为解决中型组比赛环境下足球机器人的自定位、绑架和跟踪问题,提出一种基于改进遗传算法的机器人自定位方法.首先建立根据图像上白线点与模型地图对应点距离之和最小来评定目标函数的遗传算法数学模型;然后在遗传算法的全局自定位基础上,利用梯度优化算法局部修正主位姿,以提高自定位的精度和算法的鲁棒性;最后针对绑架和跟踪,提出机器人运动时观测点与真实点的距离误差应符合高斯分布,并以此来更新种群状态,实现机器人的跟踪;同时,在种群的个体适应度急剧下跌时,动态自适应调整变异概率,可以减少种群匮乏效应,实现绑架恢复自定位.仿真和实验结果表明,文中方法较基于传统遗传算法和蒙特卡罗算法的自定位方法具有更好的性能,所得自定位平均跟踪误差为(0.046m,0.22°).

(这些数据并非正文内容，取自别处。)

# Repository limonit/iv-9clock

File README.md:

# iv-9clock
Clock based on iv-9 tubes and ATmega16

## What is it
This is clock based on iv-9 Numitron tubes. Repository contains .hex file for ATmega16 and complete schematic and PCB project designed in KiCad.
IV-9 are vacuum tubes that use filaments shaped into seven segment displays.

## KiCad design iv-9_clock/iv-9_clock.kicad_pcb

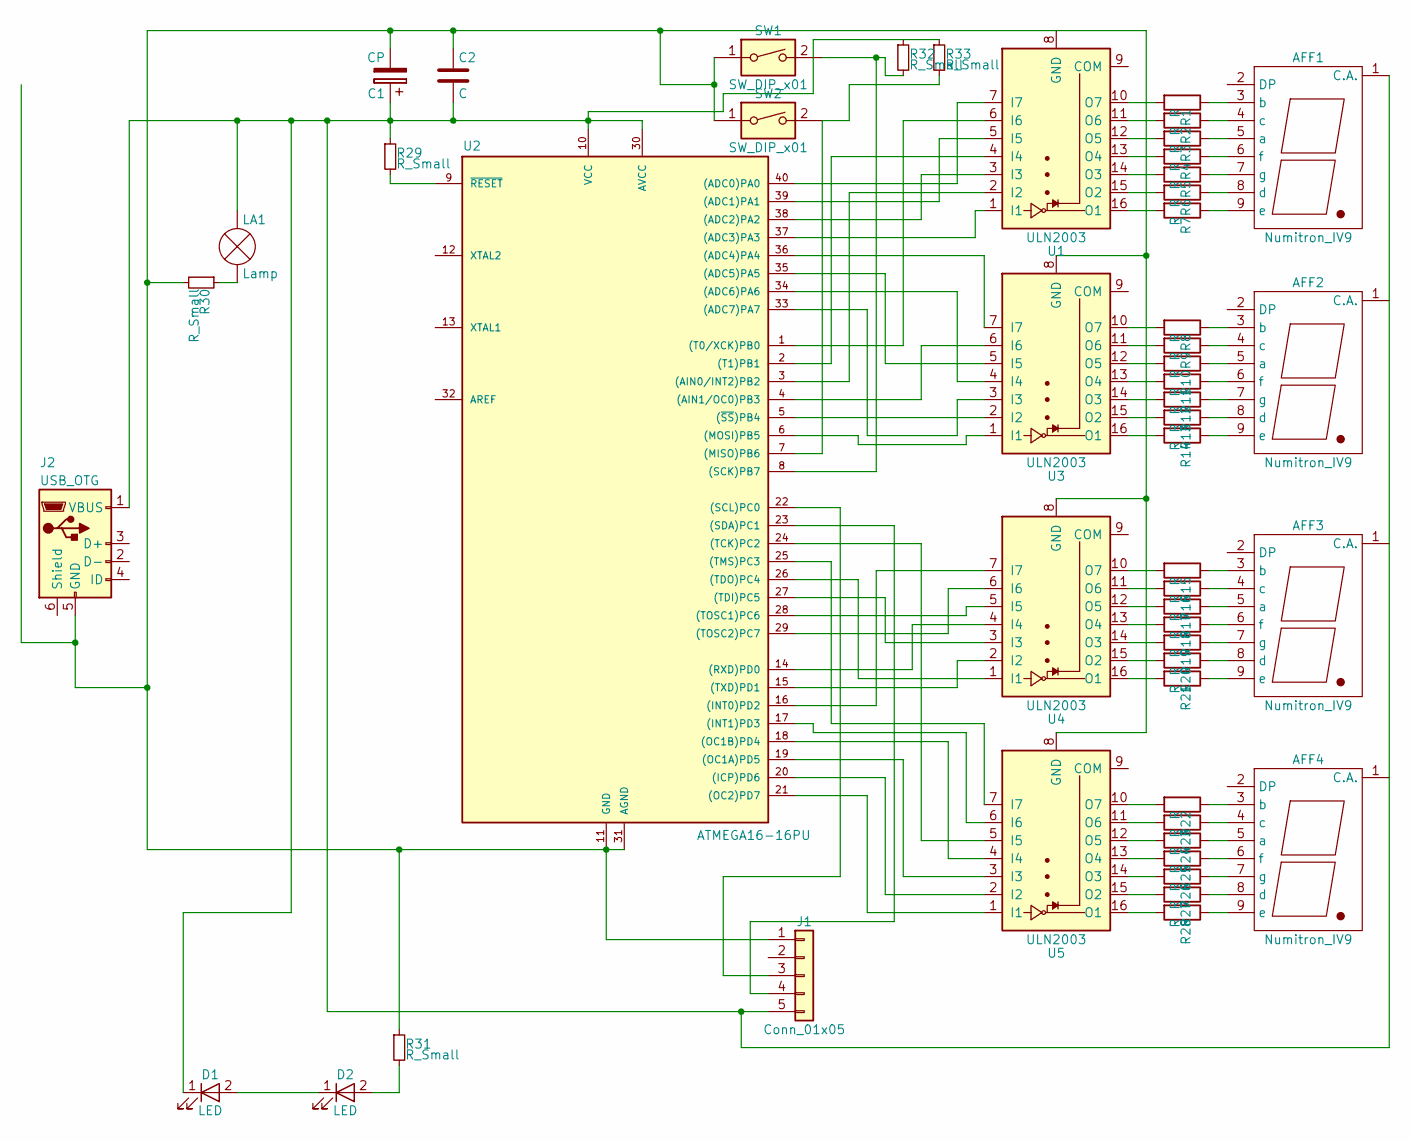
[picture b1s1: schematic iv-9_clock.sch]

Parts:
AFF1, AFF2, AFF3, AFF4: Numitron_IV9; NUM_IV-9
C1: CP; CP_Elec_10x10
C2: C; R_1206_HandSoldering
D1, D2: LED; LED_D4.0mm
J1: Conn_01x05; Pin_Header_Straight_1x05_Pitch2.54mm
J2: USB_OTG; Mini USB THT
LA1: Lamp; LED_D3.0mm_FlatTop
R1, R2, R3, R4, R5, R6, R7, R8, R9, R10, R11, R12, R13, R14, R15, R16, R17, R18, R19, R20, R21, R22, R23, R24, R25, R26, R27, R28: R; R_0805_HandSoldering
R29: R_Small; R_1206_HandSoldering
R30, R31, R32, R33: R_Small; R_0805_HandSoldering
SW1, SW2: SW_DIP_x01; SW_DIP_x1_W8.61mm_Slide_LowProfile
U1, U3, U4, U5: ULN2003; SOIC-16_3.9x9.9mm_Pitch1.27mm
U2: ATMEGA16-16PU; DIP-40_W15.24mm_Socket_LongPads

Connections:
unnamed: AFF1.1 (C.A.), C1.1, C2.2, D1.1 (K), J1.5, J2.1 (VBUS), LA1.2 (+), R29.1, R33.1, U2.10 (VCC), U2.30 (AVCC)
unnamed: AFF1.3 (b), R1.1
unnamed: AFF1.4 (c), R2.1
unnamed: AFF1.5 (a), R3.1
unnamed: AFF1.6 (f), R4.1
unnamed: AFF1.7 (g), R5.1
unnamed: AFF1.8 (d), R6.1
unnamed: AFF1.9 (e), R7.1
unnamed: AFF2.3 (b), R8.1
unnamed: AFF2.4 (c), R9.1
unnamed: AFF2.5 (a), R10.1
unnamed: AFF2.6 (f), R11.1
unnamed: AFF2.7 (g), R12.1
unnamed: AFF2.8 (d), R13.1
unnamed: AFF2.9 (e), R14.1
unnamed: AFF3.3 (b), R15.1
unnamed: AFF3.4 (c), R16.1
unnamed: AFF3.5 (a), R17.1
unnamed: AFF3.6 (f), R18.1
unnamed: AFF3.7 (g), R19.1
unnamed: AFF3.8 (d), R20.1
unnamed: AFF3.9 (e), R21.1
unnamed: AFF4.3 (b), R22.1
unnamed: AFF4.4 (c), R23.1
unnamed: AFF4.5 (a), R24.1
unnamed: AFF4.6 (f), R25.1
unnamed: AFF4.7 (g), R26.1
unnamed: AFF4.8 (d), R27.1
unnamed: AFF4.9 (e), R28.1
unnamed: C1.2, C2.1, J1.1, J2.5 (GND), R30.2, R31.1, SW1.1, SW2.1, U2.11 (GND), U2.31 (AGND), U3.8 (GND), U4.8 (GND), U5.8 (GND)
unnamed: D1.2 (A), D2.1 (K)
unnamed: D2.2 (A), R31.2
unnamed: J1.3, U2.22 ((SCL)PC0)
unnamed: J1.4, U2.23 ((SDA)PC1)
unnamed: LA1.1 (-), R30.1
unnamed: R1.2, U1.10 (O7)
unnamed: R2.2, U1.11 (O6)
unnamed: R3.2, U1.12 (O5)
unnamed: R4.2, U1.13 (O4)
unnamed: R5.2, U1.14 (O3)
unnamed: R6.2, U1.15 (O2)
unnamed: R7.2, U1.16 (O1)
unnamed: R8.2, U3.10 (O7)
unnamed: R9.2, U3.11 (O6)
unnamed: R10.2, U3.12 (O5)
unnamed: R11.2, U3.13 (O4)
unnamed: R12.2, U3.14 (O3)
unnamed: R13.2, U3.15 (O2)
unnamed: R14.2, U3.16 (O1)
unnamed: R15.2, U4.10 (O7)
unnamed: R16.2, U4.11 (O6)
unnamed: R17.2, U4.12 (O5)
unnamed: R18.2, U4.13 (O4)
unnamed: R19.2, U4.14 (O3)
unnamed: R20.2, U4.15 (O2)
unnamed: R21.2, U4.16 (O1)
unnamed: R22.2, U5.10 (O7)
unnamed: R23.2, U5.11 (O6)
unnamed: R24.2, U5.12 (O5)
unnamed: R25.2, U5.13 (O4)
unnamed: R26.2, U5.14 (O3)
unnamed: R27.2, U5.15 (O2)
unnamed: R28.2, U5.16 (O1)
unnamed: R29.2, U2.9 (~RESET)
unnamed: R32.2, SW1.2, U2.8 ((SCK)PB7)
unnamed: R33.2, SW2.2, U2.7 ((MISO)PB6)
unnamed: U1.1 (I1), U2.37 ((ADC3)PA3)
unnamed: U1.2 (I2), U2.3 ((AIN0/INT2)PB2)
unnamed: U1.3 (I3), U2.38 ((ADC2)PA2)
unnamed: U1.4 (I4), U2.2 ((T1)PB1)
unnamed: U1.5 (I5), U2.39 ((ADC1)PA1)
unnamed: U1.6 (I6), U2.1 ((T0/XCK)PB0)
unnamed: U1.7 (I7), U2.40 ((ADC0)PA0)
unnamed: U2.4 ((AIN1/OC0)PB3), U3.6 (I6)
unnamed: U2.5 ((~SS~)PB4), U3.2 (I2)
unnamed: U2.6 ((MOSI)PB5), U3.1 (I1)
unnamed: U2.14 ((RXD)PD0), U4.4 (I4)
unnamed: U2.15 ((TXD)PD1), U4.2 (I2)
unnamed: U2.16 ((INT0)PD2), U4.7 (I7)
unnamed: U2.17 ((INT1)PD3), U5.6 (I6)
unnamed: U2.18 ((OC1B)PD4), U5.4 (I4)
unnamed: U2.19 ((OC1A)PD5), U5.3 (I3)
unnamed: U2.20 ((ICP)PD6), U5.2 (I2)
unnamed: U2.21 ((OC2)PD7), U5.1 (I1)
unnamed: U2.24 ((TCK)PC2), U5.5 (I5)
unnamed: U2.25 ((TMS)PC3), U5.7 (I7)
unnamed: U2.26 ((TDO)PC4), U4.1 (I1)
unnamed: U2.27 ((TDI)PC5), U4.3 (I3)
unnamed: U2.28 ((TOSC1)PC6), U4.5 (I5)
unnamed: U2.29 ((TOSC2)PC7), U4.6 (I6)
unnamed: U2.33 ((ADC7)PA7), U3.3 (I3)
unnamed: U2.34 ((ADC6)PA6), U3.4 (I4)
unnamed: U2.35 ((ADC5)PA5), U3.5 (I5)
unnamed: U2.36 ((ADC4)PA4), U3.7 (I7)

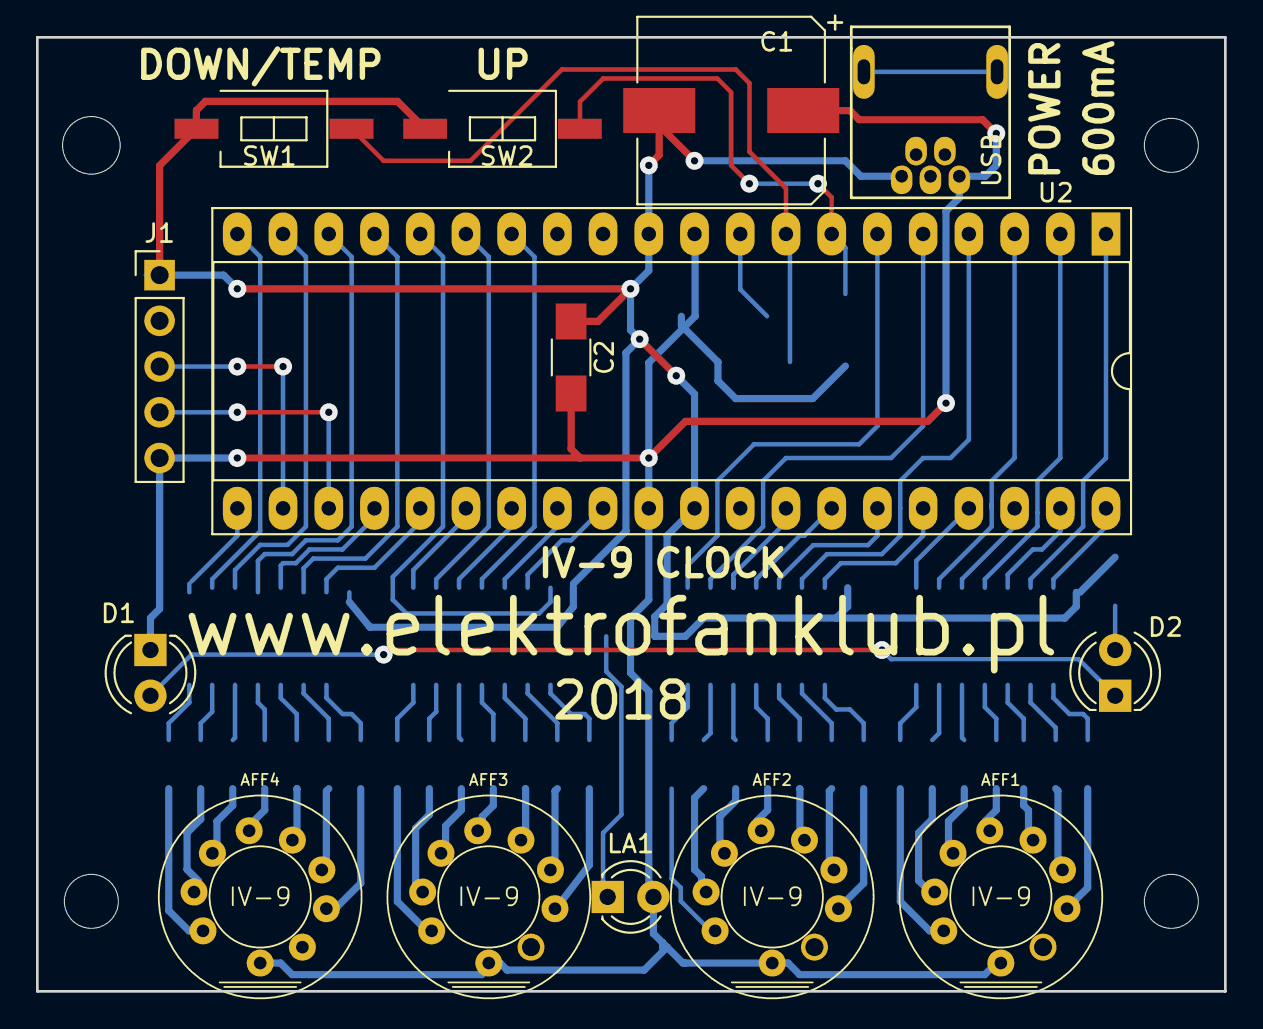
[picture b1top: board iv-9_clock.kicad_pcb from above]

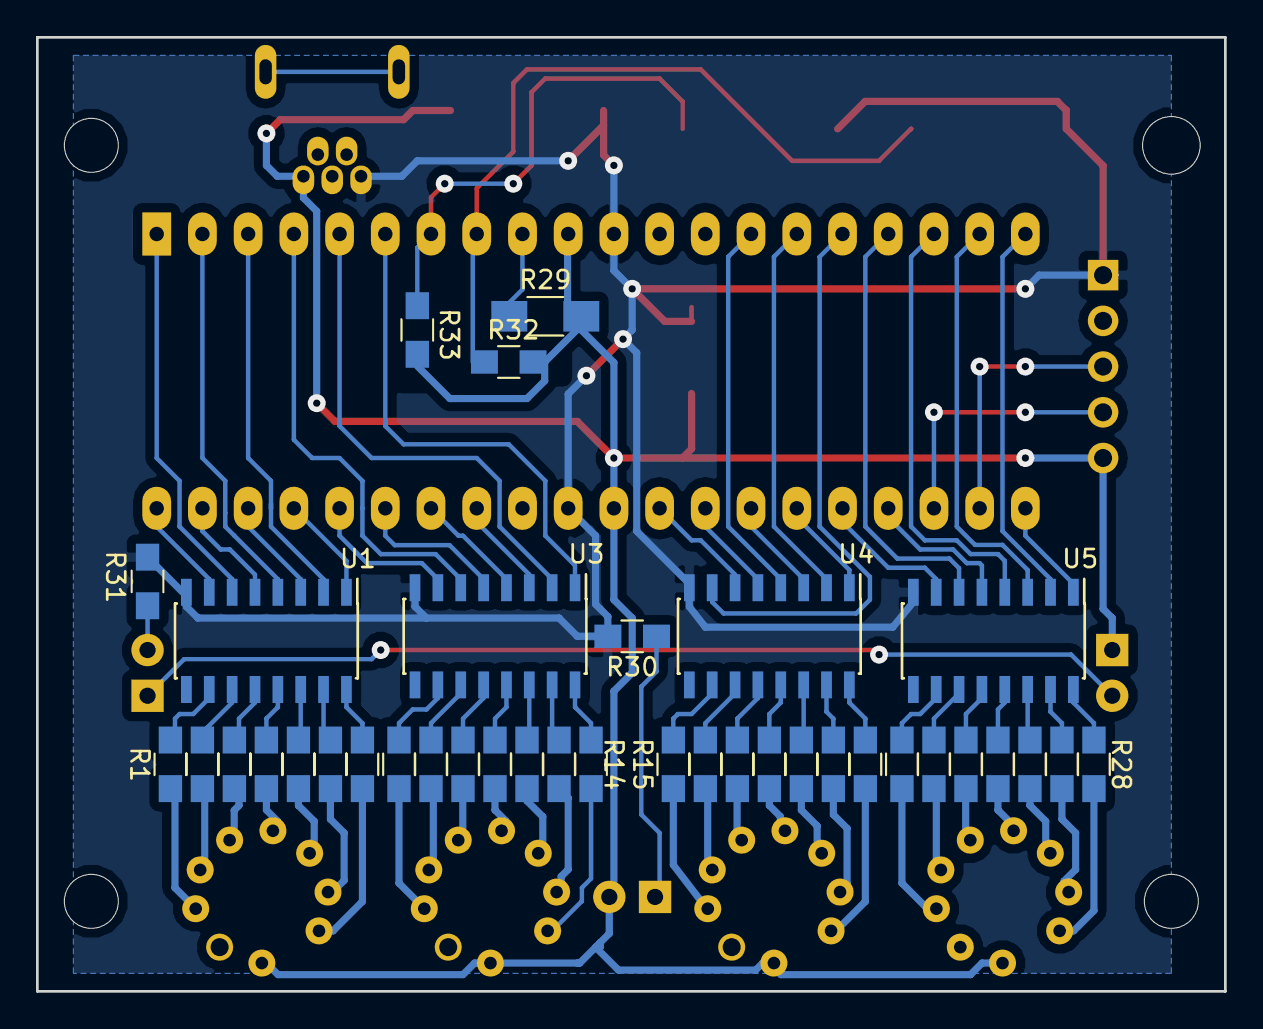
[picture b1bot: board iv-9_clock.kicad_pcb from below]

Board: 2 copper layers, 66.0 x 53.0 mm, 51 parts (37 on the bottom side), 94 nets.

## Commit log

2020-01-30 Initial
2020-01-30 Image added
2020-01-30 Image update

In order to implement high-accuracy self-localization,kidnapping and tracking of soccer robots during the matches among medium-sized teams,a self-localization method based on the improved genetic algorithm is proposed.In this method,first,a mathematical model of genetic algorithm is established,in which the minimum sum of the white line points in the image and the corresponding points in the model map is used to evaluate the target function.Then,based on the global self-localization of the genetic algorithm,the gradient optimum algorithm is used to partially modify the major pose for the purpose of improving the self-localization precision and the algorithm robustness.Finally,with regard to the kidnapping and tracking of the robot,the author points out that the error of the distance between the observation points and the actual points should accord with the Gaussian distribution for the purpose of updating the population status and realizing the tracking of robot,and that,when the individual adaption degree of population sharply declines,the dynamic self-adaptive tuning of mutation probability helps to reduce the population deficiency effect and realize the recovered self-localization of kidnapping.Simulated and experimental results indicate that the proposed self-localization method is superior to those based on the traditional genetic algorithm and on the Monte Carlo algorithm,with its average self-localization tracking error being（0.046m,0.22°）.